DATA RECORDS Start Marker

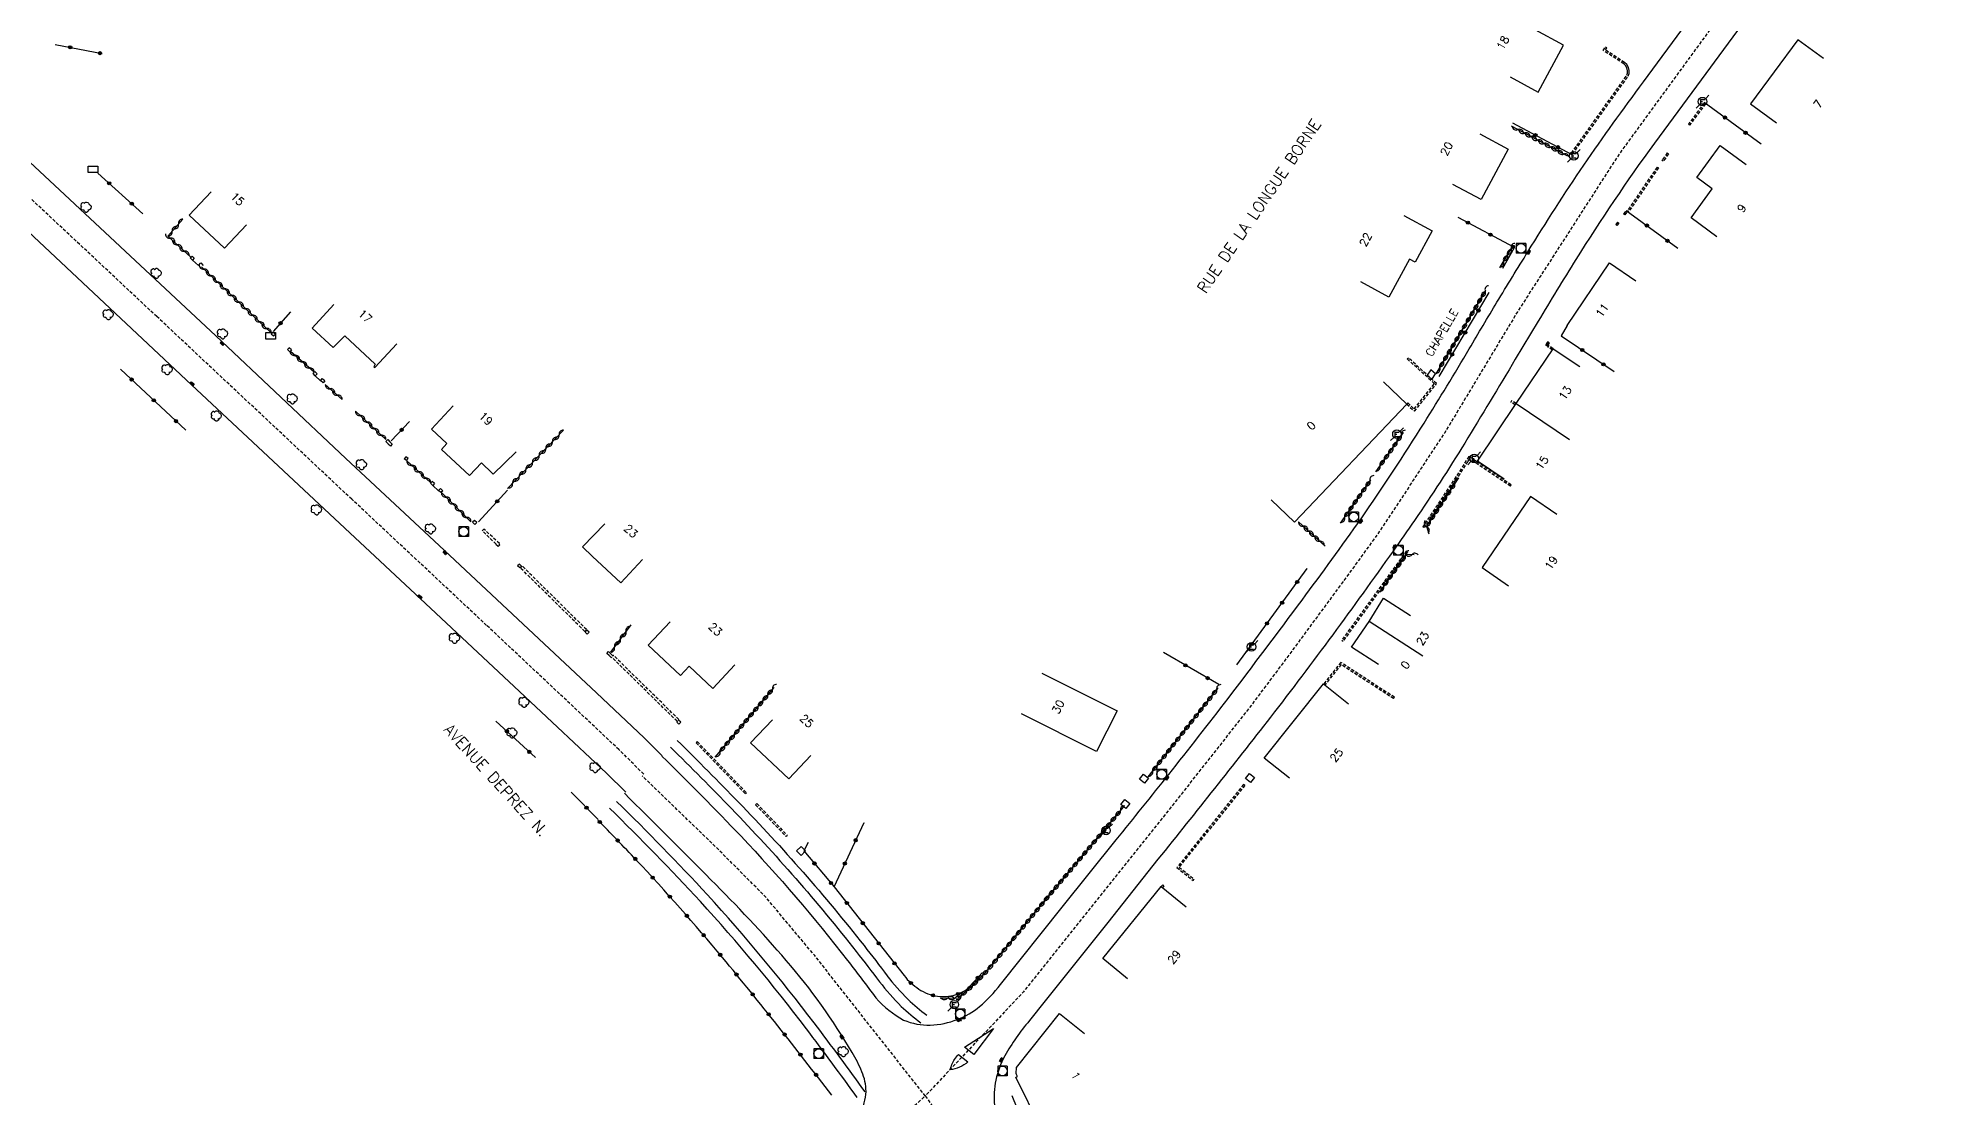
# Model space of a CAD drawing. Header units: millimetres. Extents: x 107015 to 108000, y 128000 to 129000.
# Drawn here: x 107454.3 to 107752.2, y 128542.4 to 128707.8 of the extents above; entities that cross this region are included whole.
import ezdxf
from ezdxf.enums import TextEntityAlignment as Align

# ---------------------------------------------------------------- set-up
doc = ezdxf.new("R2010")
doc.units = ezdxf.units.MM
doc.linetypes.add('DASHED', pattern=[0.75, 0.5, -0.25])
doc.layers.get('0').update_dxf_attribs({"linetype": 'CONTINUOUS'})
for name, color, linetype in [('W0001', 6, 'DASHED'), ('W0008', 7, 'CONTINUOUS'), ('W0100', 7, 'CONTINUOUS'), ('W0105', 7, 'CONTINUOUS'), ('W0112', 1, 'DASHED'), ('W0300', 7, 'CONTINUOUS'), ('W0310', 3, 'CONTINUOUS'), ('W0322', 7, 'CONTINUOUS'), ('W0400', 7, 'CONTINUOUS'), ('W0420', 7, 'CONTINUOUS'), ('W0471', 7, 'CONTINUOUS'), ('W0984', 7, 'CONTINUOUS'), ('W0989', 7, 'CONTINUOUS'), ('W0991', 7, 'CONTINUOUS'), ('W1102', 7, 'CONTINUOUS'), ('W1471', 7, 'CONTINUOUS')]:
    doc.layers.add(name, color=color, linetype=linetype)
doc.styles.get("Standard").update_dxf_attribs({"font": 'romans.shx', "width": 0.85})

# ---------------------------------------------------------------- blocks, each defined once
blk = doc.blocks.new('T400')
for p, q in [((-0.15, 0.3), (0.15, 0.3)), ((-0.15, -0.25), (-0.15, 0.3)), ((-0.15, 0.15), (0.15, 0.15)), ((-0.15, 0), (0.15, 0)), ((0.15, 0.3), (0.15, -0.25)), ((-0.15, -0.15), (0.15, -0.15)), ((-0.15, -0.25), (-0.15, -0.3)), ((-0.15, -0.3), (0.15, -0.3)), ((0.15, -0.3), (0.15, -0.25))]:
    blk.add_line(p, q)
blk = doc.blocks.new('T420')
for p, q in [((0.75, 0.75), (-0.75, 0.75)), ((-0.75, 0.75), (-0.75, -0.75)), ((0.75, 0.75), (0.75, -0.75)), ((0.75, -0.75), (-0.75, -0.75))]:
    blk.add_line(p, q)
blk.add_ellipse((0, 0), major_axis=(-0.53, 0.53), ratio=1, start_param=3.926991, end_param=10.210176)
blk = doc.blocks.new('T300')
for p, q in [((-0.8, 0.51), (-0.86, 0.34)), ((-0.86, 0.34), (-0.86, 0.17)), ((-0.86, 0.17), (-0.74, 0.06)), ((-0.69, 0.63), (-0.8, 0.51)), ((-0.8, -0.06), (-0.74, 0.06)), ((-0.74, 0.06), (-0.69, 0.11)), ((-0.57, 0.69), (-0.69, 0.63)), ((-0.46, 0.69), (-0.57, 0.69)), ((-0.29, 0.63), (-0.46, 0.69)), ((-0.29, 0.63), (-0.17, 0.74)), ((-0.23, 0.57), (-0.29, 0.63)), ((-0.17, 0.74), (-0.06, 0.8)), ((-0.06, 0.8), (0.06, 0.8)), ((0.06, 0.8), (0.23, 0.74)), ((0.23, 0.74), (0.34, 0.63)), ((0.34, 0.63), (0.4, 0.51)), ((0.46, 0.46), (0.34, 0.46)), ((0.4, 0.51), (0.4, 0.46)), ((0.57, 0.4), (0.46, 0.46)), ((0.57, 0.4), (0.69, 0.29)), ((0.69, 0.29), (0.74, 0.17)), ((0.74, 0.06), (0.69, -0.17)), ((0.74, 0.17), (0.74, 0.06)), ((-0.8, -0.17), (-0.8, -0.06)), ((-0.8, -0.23), (-0.8, -0.17)), ((-0.74, -0.34), (-0.8, -0.23)), ((-0.69, -0.4), (-0.74, -0.34)), ((-0.51, -0.46), (-0.69, -0.4)), ((-0.4, -0.46), (-0.51, -0.46)), ((-0.4, -0.46), (-0.34, -0.46)), ((-0.34, -0.46), (-0.34, -0.4)), ((-0.34, -0.51), (-0.34, -0.46)), ((-0.29, -0.63), (-0.34, -0.51)), ((-0.17, -0.74), (-0.29, -0.63)), ((-0.06, -0.8), (-0.17, -0.74)), ((0.06, -0.8), (-0.06, -0.8)), ((0.17, -0.74), (0.06, -0.8)), ((0.23, -0.69), (0.17, -0.74)), ((0.29, -0.46), (0.23, -0.46)), ((0.29, -0.63), (0.23, -0.69)), ((0.46, -0.4), (0.29, -0.46)), ((0.34, -0.51), (0.29, -0.63)), ((0.34, -0.51), (0.34, -0.46)), ((0.57, -0.34), (0.46, -0.4)), ((0.63, -0.29), (0.57, -0.34)), ((0.69, -0.17), (0.63, -0.29))]:
    blk.add_line(p, q)
blk = doc.blocks.new('t322o')
at = {"color": 0, "linetype": 'Continuous'}
for radius in [0.25, 0.15]:
    blk.add_circle((0, 0), radius, dxfattribs=at)
blk = doc.blocks.new('t310o')
at = {"color": 0, "linetype": 'Continuous'}
for centre, start, end in [((-0.5, 0.38), 216.8699, 323.1304), ((0.5, -0.37), 36.8699, 143.1303)]:
    blk.add_arc(centre, 0.625, start, end, dxfattribs=at)
blk = doc.blocks.new('T471')
for p, q in [((-0.333334, 0.333334), (-0.333334, -0.333334)), ((-0.333334, 0.333334), (0.333334, 0.333334)), ((-0.333334, 0), (0, 0)), ((0.500001, 0.500001), (1.000002, 1.000002)), ((-0.500001, -0.500001), (-1.000002, -1.000002)), ((-0.333334, -0.333334), (0.333334, -0.333334))]:
    blk.add_line(p, q)
blk.add_ellipse((0, 0), major_axis=(0.471405, 0.471405), ratio=1, start_param=5.4977871438, end_param=11.780972451)
blk = doc.blocks.new('t112o')
at = {"color": 0, "linetype": 'Continuous'}
for p, q in [((-0.5, 0.5), (0.5, 0.5)), ((-0.5, -0.5), (-0.5, 0.5)), ((0.5, 0.5), (0.5, -0.5)), ((0.5, -0.5), (-0.5, -0.5))]:
    blk.add_line(p, q, dxfattribs=at)
blk = doc.blocks.new('T1471')
at = {"color": 0, "linetype": 'Continuous', "flags": 128}
blk.add_lwpolyline([(-0.75, -0.5), (-0.75, 0.5), (0.75, 0.5), (0.75, -0.5), (-0.75, -0.5)], dxfattribs=at)

msp = doc.modelspace()

# ---------------------------------------------------------------- linework, layer by layer
at = {"layer": 'W0001'}
msp.add_lwpolyline([(107548.83, 128592.94), (107544.97, 128596.77), (107524.31, 128616.16), (107503.25, 128635.85), (107472.8, 128664.37), (107430.59, 128703.84), (107396.86, 128735.44), (107351.2, 128778.17), (107329.97, 128798.13), (107326.11, 128801.57)], dxfattribs=at)
at = {"layer": 'W0001', "flags": 128}
for points in [[(107783.45, 128790.63), (107768.01, 128780.77), (107756.5, 128765.09), (107743.6, 128747.53), (107714.87, 128708.5), (107701.16, 128689.73), (107685.3, 128665.13), (107673.89, 128646.18), (107663.37, 128630.29), (107658.76, 128623.95), (107649.19, 128610.98), (107643.42, 128603.3), (107629.99, 128586.26), (107625.89, 128581.15), (107617.75, 128570.97), (107608.15, 128558.95), (107592.8, 128542.7), (107575.55, 128564.6), (107567.75, 128573.9), (107560.1, 128581.55), (107548.58, 128592.69), (107548.58, 128592.69)], [(107570.3, 128525.36), (107583.16, 128533.84), (107592.8, 128542.7), (107601.33, 128530.65), (107614.57, 128500.41), (107619.41, 128490.13), (107639.21, 128441.38), (107651.37, 128411.42), (107659.5, 128389.77), (107668.7, 128362.36), (107675.49, 128339.67), (107681.9, 128316.35), (107684.44, 128306.91), (107688.15, 128293.18), (107695.54, 128265.9), (107698.25, 128255.72), (107699.97, 128248.79), (107704.02, 128228.53), (107707.1, 128206.6), (107713.47, 128146.24), (107716.05, 128122.04), (107716.74, 128115.69), (107719.51, 128088.65), (107722.04, 128072.08), (107722.04, 128072.08)]]:
    msp.add_lwpolyline(points, dxfattribs=at)
at = {"layer": 'W0008'}
for points in [[(107372.52, 128836.24), (107358.6, 128813.03), (107349.29, 128797.4), (107349.63, 128797.15), (107348.34, 128793.85), (107348.09, 128790.29), (107349.59, 128785.4), (107351.57, 128783.07), (107353.29, 128781.68), (107358.77, 128776.55), (107378.01, 128758.62), (107395.9, 128741.85), (107412.78, 128726.01), (107437.9, 128702.48), (107481.99, 128661.34), (107502.34, 128642.19), (107516.87, 128628.62), (107541.44, 128605.63), (107548.9, 128598.58), (107551.71, 128595.82)], [(107323.29, 128798.29), (107331.89, 128790.85), (107331.78, 128790.73), (107335.12, 128787.62), (107336.94, 128786.04), (107338.76, 128784.35), (107373.77, 128751.56), (107399.8, 128727.18), (107421.51, 128706.85), (107443.43, 128686.32), (107451.86, 128678.44), (107478.22, 128653.74), (107502.17, 128631.35), (107514.77, 128619.57), (107528.6, 128606.64), (107535.37, 128600.29), (107543.01, 128593.11), (107546.03, 128590.13)]]:
    msp.add_lwpolyline(points, dxfattribs=at)
at = {"layer": 'W0008', "flags": 128}
for points in [[(107551.66, 128595.76, -0.007876), (107564.04, 128583.24, -0.0242), (107580.67, 128563.84, -0.0039), (107585.1, 128557.99, 0.0879), (107589.43, 128554.55, 0.1137), (107593.59, 128553.77, 0.0867), (107597.86, 128554.65, 0.0769), (107601.28, 128556.66, 0.054), (107604.54, 128560.07), (107614.19, 128572.17), (107622.64, 128582.67, 0.0015), (107630.83, 128592.88, 0.0044), (107640.1, 128604.76, 0.0038), (107651.65, 128620.12, 0.0071), (107660.87, 128632.82, 0.0129), (107670.71, 128647.74, 0.0057), (107677.77, 128659.36, -0.0018), (107682.09, 128666.62, -0.0035), (107686.93, 128674.49, -0.0104), (107695.65, 128688.03, -0.0091), (107704.97, 128701), (107746.74, 128757.71)], [(107724.77, 128716), (107706.67, 128691.43, 0.0184), (107694.43, 128673.29, 0.0055), (107688.51, 128663.64), (107684.95, 128657.7, -0.0036), (107677.06, 128644.62, -0.012), (107669.22, 128632.55, -0.0038), (107665.87, 128627.77, -0.0102), (107646.74, 128601.84, -0.0032), (107629.15, 128579.64), (107621.31, 128569.77), (107611.52, 128557.54), (107609.08, 128554.45, 0.0479), (107605.21, 128548.94, 0.0656), (107603.83, 128545.17, 0.087), (107603.63, 128541.24, 0.0616)], [(107553.04, 128597.14, -0.006133), (107562.54, 128587.56, -0.0254), (107582.04, 128565.23, -0.0031), (107585.66, 128560.53, 0.0308), (107589.06, 128556.68, 0.0238), (107592.1, 128554.12), (107592.1, 128554.12)], [(107554.08, 128598.19, -0.005512), (107563.65, 128588.55, -0.0256), (107583.24, 128566.17, -0.0032), (107586.87, 128561.45), (107586.83, 128561.49, 0.0311), (107590.11, 128557.78, 0.024), (107593.04, 128555.31), (107593.04, 128555.31)], [(107568.76, 128527.1), (107578.49, 128535.32, 0.0263), (107580.35, 128536.9, 0.0784), (107582.6, 128539.92, 0.1161), (107583.56, 128543.4, 0.099), (107582.91, 128546.48, 0.0356), (107581.4, 128549.46, 0.0453), (107571.11, 128563.84, 0.0189), (107559.33, 128576.46, 0.002376), (107545.83, 128589.94)], [(107582.18, 128542.44, 0.0054), (107574.26, 128553.17, 0.0225), (107557.68, 128573.06, 0.01151), (107543.51, 128587.62)], [(107583.41, 128543.34, 0.0054), (107575.47, 128554.09, 0.0224), (107558.8, 128574.09, 0.011752), (107544.59, 128588.69)], [(107599.48, 128548.01, -0.0567), (107598.18, 128547.17, -0.0573), (107596.67, 128546.75, -0.066), (107597.39, 128548.41, -0.0363), (107598.02, 128549.17), (107599.48, 128548.01), (107599.48, 128548.01)], [(107606.35, 128542.79), (107633.91, 128474.64), (107650.1, 128434.64, -0.0017), (107657.53, 128416.33, -0.0085), (107666.75, 128391.76, -0.0074), (107674.44, 128369.32, -0.0119), (107683.23, 128339.9), (107692.94, 128304.35), (107703.22, 128266.13, -0.0256), (107706.83, 128248.16, -0.0038), (107709.77, 128228.87, -0.01), (107712.28, 128209.78), (107720.76, 128129.31), (107724.64, 128091.58), (107724.64, 128091.58)]]:
    msp.add_lwpolyline(points, format="xyb", dxfattribs=at)
msp.add_lwpolyline([(107600.39, 128549.18), (107598.95, 128550.33), (107603.45, 128553.21), (107600.39, 128549.18), (107600.39, 128549.18)], dxfattribs=at)
at = {"layer": 'W0100', "flags": 128}
for points in [[(107684.15, 128701.79), (107688.55, 128699.43), (107692.48, 128706.76), (107688.07, 128709.12), (107688.07, 128709.12)], [(107733.11, 128704.64), (107729.08, 128707.6), (107721.71, 128697.56), (107725.74, 128694.6), (107725.74, 128694.6)], [(107679.42, 128692.89), (107683.83, 128690.53), (107679.6, 128682.63), (107675.19, 128684.98), (107675.19, 128684.98)], [(107716.43, 128676.84), (107712.4, 128679.8), (107715.72, 128684.31), (107713.29, 128686.09), (107716.97, 128691.08), (107721, 128688.12), (107721, 128688.12)], [(107667.56, 128680.14), (107671.96, 128677.76), (107669.3, 128672.84), (107668.42, 128673.31), (107665.23, 128667.41), (107660.83, 128669.79), (107660.83, 128669.79)], [(107693.06, 128663), (107693.06, 128663), (107699.65, 128672.76), (107703.79, 128669.96), (107703.79, 128669.96)], [(107683.2, 128639), (107679.06, 128641.79), (107685.1, 128650.78), (107690.89, 128659.36), (107695.03, 128656.57), (107695.03, 128656.57)], [(107671.94, 128654.57), (107672.48, 128655.41), (107671.74, 128656.08), (107671.2, 128655.24), (107671.94, 128654.57), (107671.94, 128654.57)], [(107664.37, 128654.16), (107668, 128650.7), (107650.47, 128632.3), (107646.85, 128635.74), (107646.85, 128635.74)], [(107691.45, 128633.45), (107687.31, 128636.26), (107679.76, 128625.18), (107683.9, 128622.36), (107683.9, 128622.36)], [(107663.57, 128610.03), (107659.38, 128612.76), (107662.13, 128616.79), (107664.38, 128620.42), (107668.57, 128617.69), (107668.57, 128617.69)], [(107611.03, 128608.7), (107622.76, 128602.8), (107619.57, 128596.46), (107607.84, 128602.36), (107607.84, 128602.36)], [(107649.67, 128592.3), (107645.76, 128595.42), (107655.02, 128607.01), (107658.92, 128603.89), (107658.92, 128603.89)], [(107574.95, 128595.85), (107571.51, 128592.22), (107565.52, 128597.8), (107568.95, 128601.43), (107568.95, 128601.43)], [(107624.4, 128560.98), (107620.52, 128564.13), (107629.65, 128575.37), (107633.53, 128572.22), (107633.53, 128572.22)]]:
    msp.add_lwpolyline(points, dxfattribs=at)
at = {"layer": 'W0100'}
for points in [[(107481.28, 128683.86), (107477.85, 128680.22), (107483.35, 128675.04), (107486.78, 128678.67)], [(107500.43, 128666.25), (107497.04, 128662.58), (107500.32, 128659.54), (107502.15, 128661.39), (107506.88, 128656.95), (107506.71, 128656.54), (107506.85, 128656.42), (107510.27, 128660.09)], [(107519.09, 128650.44), (107515.68, 128646.78), (107518.09, 128644.54), (107517.26, 128643.62), (107521.63, 128639.54), (107523.48, 128641.52), (107525.17, 128639.93), (107525.3, 128639.79), (107528.93, 128643.24)], [(107542.75, 128632.02), (107539.27, 128628.43), (107540.83, 128626.93), (107545.24, 128622.81), (107548.65, 128626.47)], [(107552.95, 128616.73), (107549.53, 128613.09), (107554.6, 128608.32), (107555.96, 128609.78), (107559.63, 128606.33), (107563.05, 128609.98)]]:
    msp.add_lwpolyline(points, dxfattribs=at)
at = {"layer": 'W0100', "flags": 128}
msp.add_lwpolyline([(107619.58, 128531.4), (107615.1, 128529.18), (107610.86, 128537.74), (107606.97, 128545.61), (107607.14, 128545.7, 0.1703), (107607.01, 128546.18), (107607.07, 128547.15), (107613.76, 128555.58), (107617.68, 128552.47), (107617.68, 128552.47)], format="xyb", dxfattribs=at)
at = {"layer": 'W0105'}
for points in [[(107478.38, 128673.2), (107479.3, 128672.34), (107479.65, 128672.74), (107480.02, 128672.37)], [(107498.38, 128654.36), (107497.55, 128655.13)], [(107516.77, 128637.19), (107515.9, 128638)]]:
    msp.add_lwpolyline(points, dxfattribs=at)
at = {"layer": 'W0112'}
for p, q in [((107698.68, 128705.91), (107699.05, 128706.48)), ((107701.9, 128703.82), (107698.68, 128705.91)), ((107699.03, 128705.99), (107699.26, 128706.34)), ((107702.03, 128704.03), (107699.03, 128705.99)), ((107702.17, 128703.56), (107701.9, 128703.82)), ((107702.37, 128703.71), (107702.03, 128704.03)), ((107702.38, 128703.18), (107702.17, 128703.56)), ((107702.61, 128703.28), (107702.37, 128703.71)), ((107702.5, 128702.76), (107702.38, 128703.18)), ((107702.75, 128702.8), (107702.61, 128703.28)), ((107693.71, 128689.88), (107702.38, 128702.05)), ((107693.91, 128689.74), (107702.59, 128701.91)), ((107702.38, 128702.05), (107702.5, 128702.36)), ((107702.5, 128702.36), (107702.5, 128702.76)), ((107702.59, 128701.91), (107702.75, 128702.32)), ((107702.75, 128702.32), (107702.75, 128702.8)), ((107714.45, 128697.73), (107711.98, 128694.4)), ((107714.65, 128697.58), (107712.18, 128694.25)), ((107708.69, 128689.91), (107707.84, 128688.78)), ((107708.89, 128689.76), (107708.04, 128688.63)), ((107707.1, 128687.71), (107702.47, 128680.93)), ((107707.3, 128687.57), (107702.68, 128680.79)), ((107700.9, 128679.09), (107700.63, 128678.73)), ((107702.14, 128680.78), (107701.87, 128680.42)), ((107702.34, 128680.63), (107702.07, 128680.27)), ((107701.1, 128678.95), (107700.83, 128678.58)), ((107478.03, 128673.52), (107478.3, 128673.82)), ((107478.03, 128673.52), (107478.38, 128673.2)), ((107478.3, 128673.82), (107478.65, 128673.5)), ((107478.65, 128673.5), (107478.38, 128673.2)), ((107490.67, 128661.65), (107490.95, 128661.93)), ((107491.03, 128661.29), (107490.67, 128661.65)), ((107491.31, 128661.57), (107490.95, 128661.93)), ((107491.31, 128661.57), (107491.03, 128661.29)), ((107493.21, 128659.22), (107493.49, 128659.51)), ((107493.57, 128658.88), (107493.21, 128659.22)), ((107493.85, 128659.17), (107493.49, 128659.51)), ((107493.85, 128659.17), (107493.57, 128658.88)), ((107690.75, 128659.15), (107689.99, 128659.63)), ((107690.89, 128659.36), (107690.13, 128659.84)), ((107497.2, 128655.51), (107497.49, 128655.78)), ((107497.55, 128655.13), (107497.2, 128655.51)), ((107497.84, 128655.41), (107497.49, 128655.78)), ((107497.84, 128655.41), (107497.55, 128655.13)), ((107672.33, 128653.88), (107668.08, 128657.76)), ((107672.67, 128653.9), (107668.25, 128657.94)), ((107498.38, 128654.36), (107498.63, 128654.68)), ((107498.79, 128654.04), (107498.38, 128654.36)), ((107499.03, 128654.36), (107498.63, 128654.68)), ((107499.03, 128654.36), (107498.79, 128654.04)), ((107669.18, 128649.95), (107672.33, 128653.88)), ((107669.21, 128649.58), (107672.67, 128653.9)), ((107667.99, 128650.71), (107669.21, 128649.58)), ((107668.16, 128650.89), (107669.18, 128649.95)), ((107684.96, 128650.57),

DATA RECORDS End Marker

> **WHAT IS EXPECTED**
No pictures should appear in the copy, which holds exactly the lines from the first line of the data through the line with "import ezdxf" and nothing else.

> **SOLUTION BELOW**
# Model space of a CAD drawing. Header units: millimetres. Extents: x 107015 to 108000, y 128000 to 129000.
# Drawn here: x 107454.3 to 107752.2, y 128542.4 to 128707.8 of the extents above; entities that cross this region are included whole.
import ezdxf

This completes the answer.